Risks of subsequent primary cancers among breast cancer survivors according to hormone receptor status.

Cancer 2021 Sep 18;127(18):3310-3324. Epub 2021 May 18.

Surveillance and Health Equity Science, American Cancer Society, Atlanta, Georgia.

Background: This study was aimed at examining the risks of subsequent primary cancers (SPCs) among breast cancer survivors by hormone receptor (HR) status and age at diagnosis.

Methods: Data from 12 Surveillance, Epidemiology, and End Results registries were used to identify 431,222 breast cancer survivors (at least 1 year) diagnosed between the ages of 20 and 84 years from 1992 to 2015. Risks of SPCs were measured as the standardized incidence ratio (SIR) and the excess absolute risk (EAR) per 10,000 person-years. Poisson regression was used to test the difference in SIRs by HR status.

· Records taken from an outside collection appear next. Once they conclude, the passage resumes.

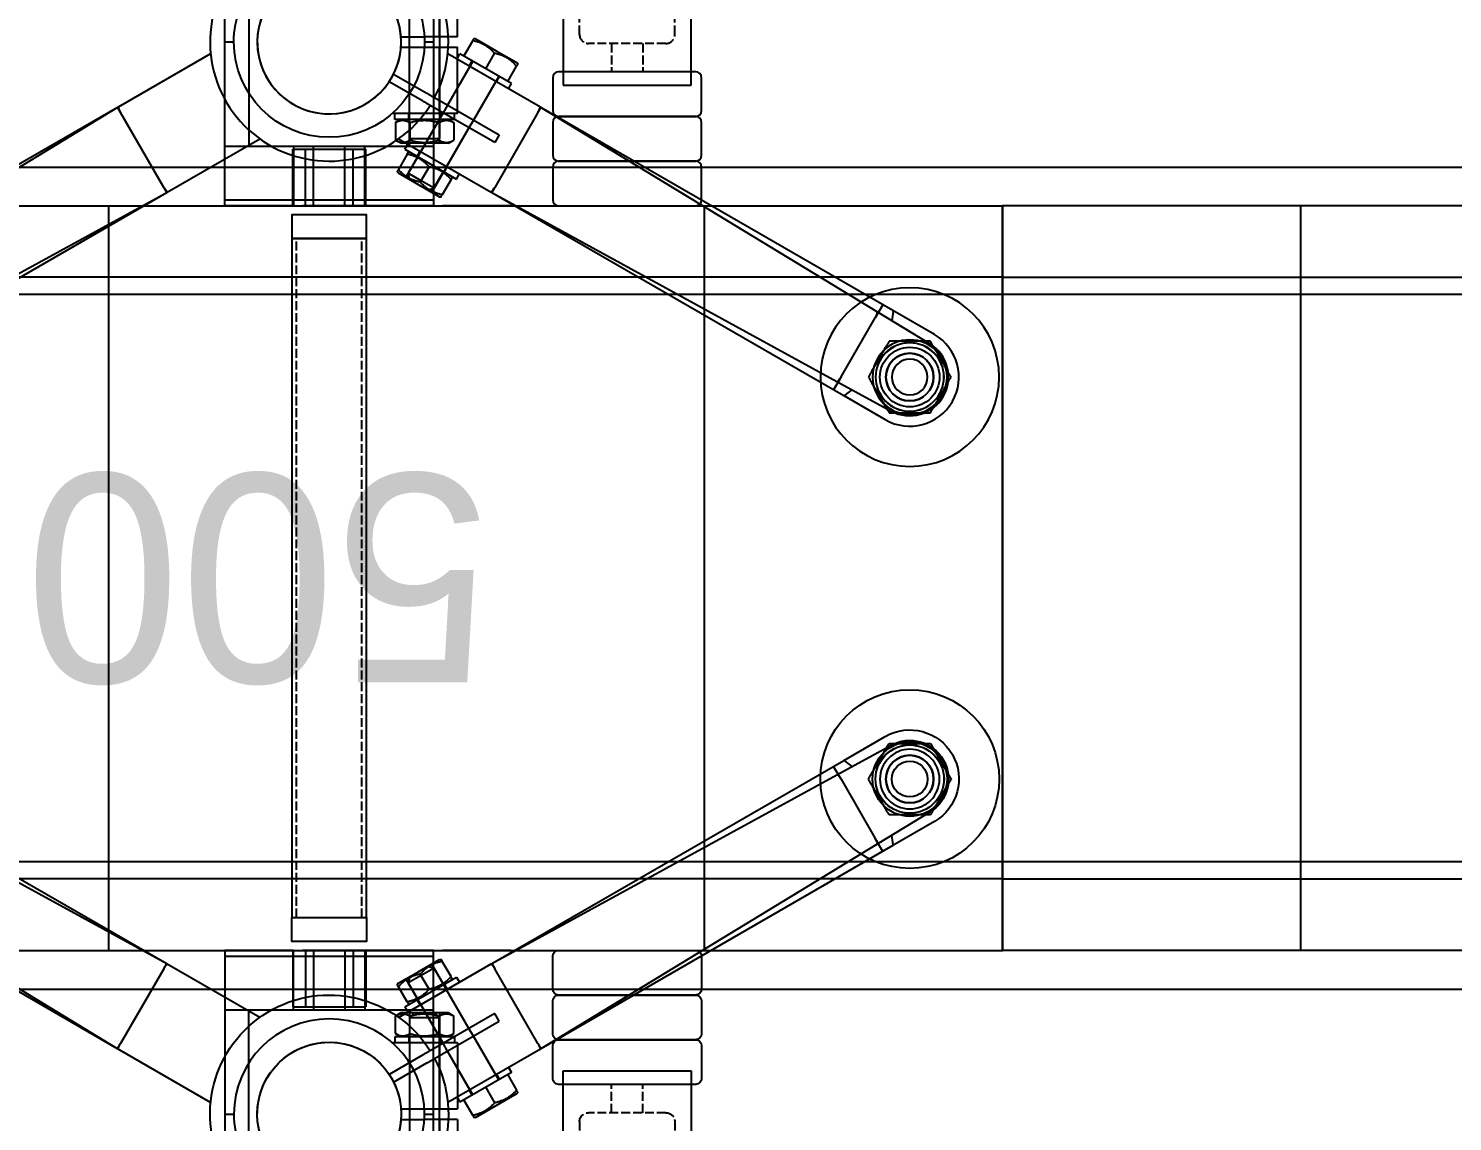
# Model space of a CAD drawing. Header units: millimetres. Extents: x -383313 to -161684, y -117025 to 99224.
# Drawn here: x -333432.5 to -332954.5, y 32673.2 to 33040.2 of the extents above; entities that cross this region are included whole.
import ezdxf
from ezdxf.enums import TextEntityAlignment as Align

# ---------------------------------------------------------------- set-up
doc = ezdxf.new("R2010")
doc.units = ezdxf.units.MM
doc.header["$MEASUREMENT"] = 0
doc.linetypes.add('DASHED', pattern=[0.75, 0.5, -0.25])
doc.linetypes.add('ESKD_shtrih', pattern=[4, 3, -1])
for name, color, linetype in [('08', 30, 'Continuous'), ('12', 41, 'Continuous'), ('17', 111, 'Continuous'), ('27', 200, 'Continuous'), ('Длина секции', 1, 'Continuous'), ('Конвейера КУ-190', 1, 'Continuous'), ('Крепление держателей ограждений', 101, 'Continuous'), ('КУ-190.01.03.00_Стяжка', 7, 'Continuous'), ('Робот', 30, 'Continuous')]:
    doc.layers.add(name, color=color, linetype=linetype)

# ---------------------------------------------------------------- blocks, each defined once
blk = doc.blocks.new('A$Cba8ef6a8')
at = {"layer": 'Конвейера КУ-190'}
for p, q in [((500, 125), (0, 125)), ((0, -125), (0, 125)), ((165, 125), (188, 125)), ((212, 125), (188, 125)), ((212, 125), (235, 125)), ((0, 101), (500, 101)), ((0, -101), (500, -101)), ((500, -125), (0, -125)), ((165, -125), (188, -125)), ((212, -125), (188, -125)), ((212, -125), (235, -125))]:
    blk.add_line(p, q, dxfattribs=at)
at = {"layer": 'Конвейера КУ-190', "color": 33}
for p, q in [((0, 95.25), (468.3, 95.25)), ((0, -95.25), (468.3, -95.25))]:
    blk.add_line(p, q, dxfattribs=at)
at = {"layer": 'Крепление держателей ограждений'}
for p, q in [((100, 125), (100, -125)), ((300, 125), (300, -125))]:
    blk.add_line(p, q, dxfattribs=at)
at = {"layer": 'Длина секции'}
blk.add_text('500', height=70, dxfattribs=at).set_placement((250, 0), align=Align.MIDDLE_CENTER)
blk = doc.blocks.new('A$Cd90eea63')
at = {"layer": 'Конвейера КУ-190'}
for p, q in [((2000, 125), (0, 125)), ((0, -125), (0, 125)), ((0, 101), (2000, 101)), ((0, -101), (2000, -101)), ((2000, -125), (0, -125))]:
    blk.add_line(p, q, dxfattribs=at)
at = {"layer": 'Конвейера КУ-190', "color": 33}
for p, q in [((2000, 95.25), (0, 95.25)), ((2000, -95.25), (0, -95.25))]:
    blk.add_line(p, q, dxfattribs=at)
at = {"layer": 'Крепление держателей ограждений'}
blk.add_line((100, 125), (100, -125), dxfattribs=at)
blk = doc.blocks.new('15506-T')
at = {"color": 200}
for p, q in [((90.17, 189.18), (21.96, 71.04)), ((90.61, 183.88), (21.96, 71.04)), ((50.54, 54.54), (118.75, 172.68)), ((50.54, 54.54), (113.94, 170.41)), ((21.87, 70.89), (3.93, 39.81)), ((21.96, 71.04), (21.87, 70.89)), ((23.69, 70.04), (48.81, 55.54)), ((32.51, 23.31), (50.45, 54.39)), ((50.45, 54.39), (50.54, 54.54)), ((-58, 26.5), (-58.5, 26.21)), ((-58.5, 19.55), (-58.5, 25.45)), ((-50, 26.5), (-58, 26.5)), ((-42, 26.5), (-50, 26.5)), ((-50, 19.55), (-50, 25.45)), ((-42, 26.5), (-41.5, 26.21)), ((-41.5, 19.55), (-41.5, 25.45)), ((-208.92, 16.5), (-225, 16.5)), ((-210.34, 13.34), (-209.17, 16.22)), ((-72.5, 16.5), (-208.92, 16.5)), ((-72.5, 16.5), (-204.55, 13.47)), ((-72.33, 16.5), (-72.5, 16.5)), ((-72.5, -14.5), (-72.5, 14.5)), ((-36.44, 16.5), (-72.33, 16.5)), ((-60, 18.5), (-60, 16.5)), ((-40, 18.5), (-60, 18.5)), ((-58, 18.5), (-58.5, 18.79)), ((-42, 18.5), (-41.5, 18.79)), ((-40, 18.5), (-40, 16.5)), ((-204.55, 13.47), (-225.3, 13)), ((-205, 11.46), (-205, -11.46)), ((-65, -1.5), (-65, 1.5)), ((-65, 1.5), (-39.97, 1.5)), ((-55, -1.5), (-55, 1.5)), ((-45, -1.5), (-45, 1.5)), ((-36.97, 1.5), (-24.1, 1.5)), ((-39.97, -1.5), (-65, -1.5)), ((-24.1, -1.5), (-36.97, -1.5)), ((-225.3, -13), (-204.55, -13.47)), ((-209.17, -16.22), (-210.34, -13.34)), ((-204.55, -13.47), (-72.5, -16.5)), ((-225, -16.5), (-208.92, -16.5)), ((-208.92, -16.5), (-72.5, -16.5)), ((-72.5, -16.5), (-72.33, -16.5)), ((-72.33, -16.5), (-36.44, -16.5)), ((-60, -16.5), (-60, -18.5)), ((-60, -18.5), (-40, -18.5)), ((-58.5, -18.5), (-58.5, -24.45)), ((-50, -18.5), (-50, -24.45)), ((-41.5, -18.5), (-41.5, -24.45)), ((-40, -16.5), (-40, -18.5)), ((-58, -25.5), (-58.5, -25.21)), ((-50, -25.5), (-58, -25.5)), ((-42, -25.5), (-50, -25.5)), ((-42, -25.5), (-41.5, -25.21))]:
    blk.add_line(p, q, dxfattribs=at)
at = {"color": 3}
for p, q in [((23.69, 70.04), (21.96, 71.04)), ((50.54, 54.54), (48.81, 55.54)), ((-53.4, 26.5), (-55, 24.9)), ((-55, 26.5), (-55, 18.5)), ((-55, 24.9), (-50, 24.9)), ((-55, 1.5), (-55, 24.9)), ((-50, 24.9), (-45, 24.9)), ((-46.6, 26.5), (-45, 24.9)), ((-45, 26.5), (-45, 18.5)), ((-45, 1.5), (-45, 24.9)), ((-205, 11.46), (-205, 16.5)), ((-72.5, 16.5), (-72.5, 14.5)), ((-55.25, 18.5), (-55.25, 16.5)), ((-55, 1.5), (-55, 16.5)), ((-45, 1.5), (-45, 16.5)), ((-44.75, 18.5), (-44.75, 16.5)), ((-55, -18.5), (-55, -1.5)), ((-55, -16.5), (-55, -1.5)), ((-45, -18.5), (-45, -1.5)), ((-45, -16.5), (-45, -1.5)), ((-205, -16.5), (-205, -11.46)), ((-72.5, -14.5), (-72.5, -16.5)), ((-55.25, -16.5), (-55.25, -18.5)), ((-44.75, -16.5), (-44.75, -18.5))]:
    blk.add_line(p, q, dxfattribs=at)
for radius in [10, 8]:
    blk.add_circle((-225, 0), radius, dxfattribs=at)
at = {"color": 200}
for centre, radius, start, end in [((0, 0), 40, 182.1491, 177.8509), ((0, 0), 24.15, 183.561, 176.439), ((-225, 0), 16.5, 90, 270), ((-225, 0), 13, 91.3135, 268.6865)]:
    blk.add_arc(centre, radius, start, end, dxfattribs=at)
for centre, major_axis, ratio, start_param, end_param in [((25.6, 73.34), (-1.91, -3.3), 0.524528, -0.010385, 0), ((50.71, 58.84), (-1.91, -3.3), 0.524528, 0, 0.010385), ((-208.92, 13.5), (0, 3), 0.190894, 0, 0.436332), ((-76.31, 14.5), (3.81, 0), 0.524528, 0, 0.010385), ((-204.51, 11.47), (0.05, -2), 0.246291, -3.141593, -1.581444), ((-208.81, 11.37), (3.81, 0.12), 0.524286, -0.016581, -0.005933), ((-204.51, -11.47), (0.05, 2), 0.246291, 1.581444, 3.141593), ((-208.81, -11.37), (3.81, -0.12), 0.524286, 0.005933, 0.016581), ((-208.92, -13.5), (0, 3), 0.190894, 2.70526, 3.141593), ((-76.31, -14.5), (3.81, 0), 0.524528, -0.010385, 0)]:
    blk.add_ellipse(centre, major_axis=major_axis, ratio=ratio, start_param=start_param, end_param=end_param, dxfattribs=at)
for points, knots in [([(23.67, 70.05), (23.62, 70.08), (23.57, 70.11), (23.44, 70.18), (23.35, 70.24), (23.16, 70.33), (23.07, 70.38), (22.84, 70.49), (22.69, 70.55), (22.41, 70.65), (22.29, 70.69), (22.12, 70.73), (22.05, 70.75), (21.93, 70.76), (21.89, 70.77), (21.85, 70.77), (21.84, 70.77), (21.83, 70.78), (21.83, 70.79), (21.83, 70.81), (21.84, 70.82), (21.85, 70.84), (21.86, 70.86), (21.87, 70.88), (21.87, 70.88), (21.87, 70.89)], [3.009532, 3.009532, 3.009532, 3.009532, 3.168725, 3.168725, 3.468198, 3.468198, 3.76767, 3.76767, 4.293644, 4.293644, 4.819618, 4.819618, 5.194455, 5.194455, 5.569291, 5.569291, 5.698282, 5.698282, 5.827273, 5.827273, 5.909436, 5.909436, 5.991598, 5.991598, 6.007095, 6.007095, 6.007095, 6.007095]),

Results: In comparison with the general population, the risk of new cancer diagnoses among survivors was 20% higher for those with HR-positive cancers (SIR, 1.20; 95% confidence interval [CI], 1.19-1.21; EAR, 23.3/10,000 person-years) and 44% higher for those with HR-negative cancers (SIR, 1.44; 95% CI, 1.41-1.47; EAR, 45.2/10,000 person-years), with the risk difference between HR statuses statistically significant. The higher risk after HR-negative cancer was driven by acute nonlymphocytic leukemia and breast, ovarian, peritoneal, and lung cancers. By age at diagnosis, the total EAR per 10,000 person-years ranged from 15.8 (95% CI, 14.1-17.5; SIR, 1.11) among late-onset (age, 50-84 years) HR-positive survivors to 69.4 (95% CI, 65.1-73.7; SIR, 2.24) among early-onset (age, 20-49 years) HR-negative survivors, with subsequent breast cancer representing 73% to 80% of the total EAR. After breast cancer, the greatest EARs were for ovarian cancer among early-onset HR-negative survivors, lung cancer among early- and late-onset HR-negative survivors, and uterine corpus cancer among late-onset HR-positive survivors.

Conclusions: Risks of SPCs after breast cancer differ substantially by subtype and age. This suggests that more targeted approaches for cancer prevention and early-detection strategies are needed in survivorship care planning.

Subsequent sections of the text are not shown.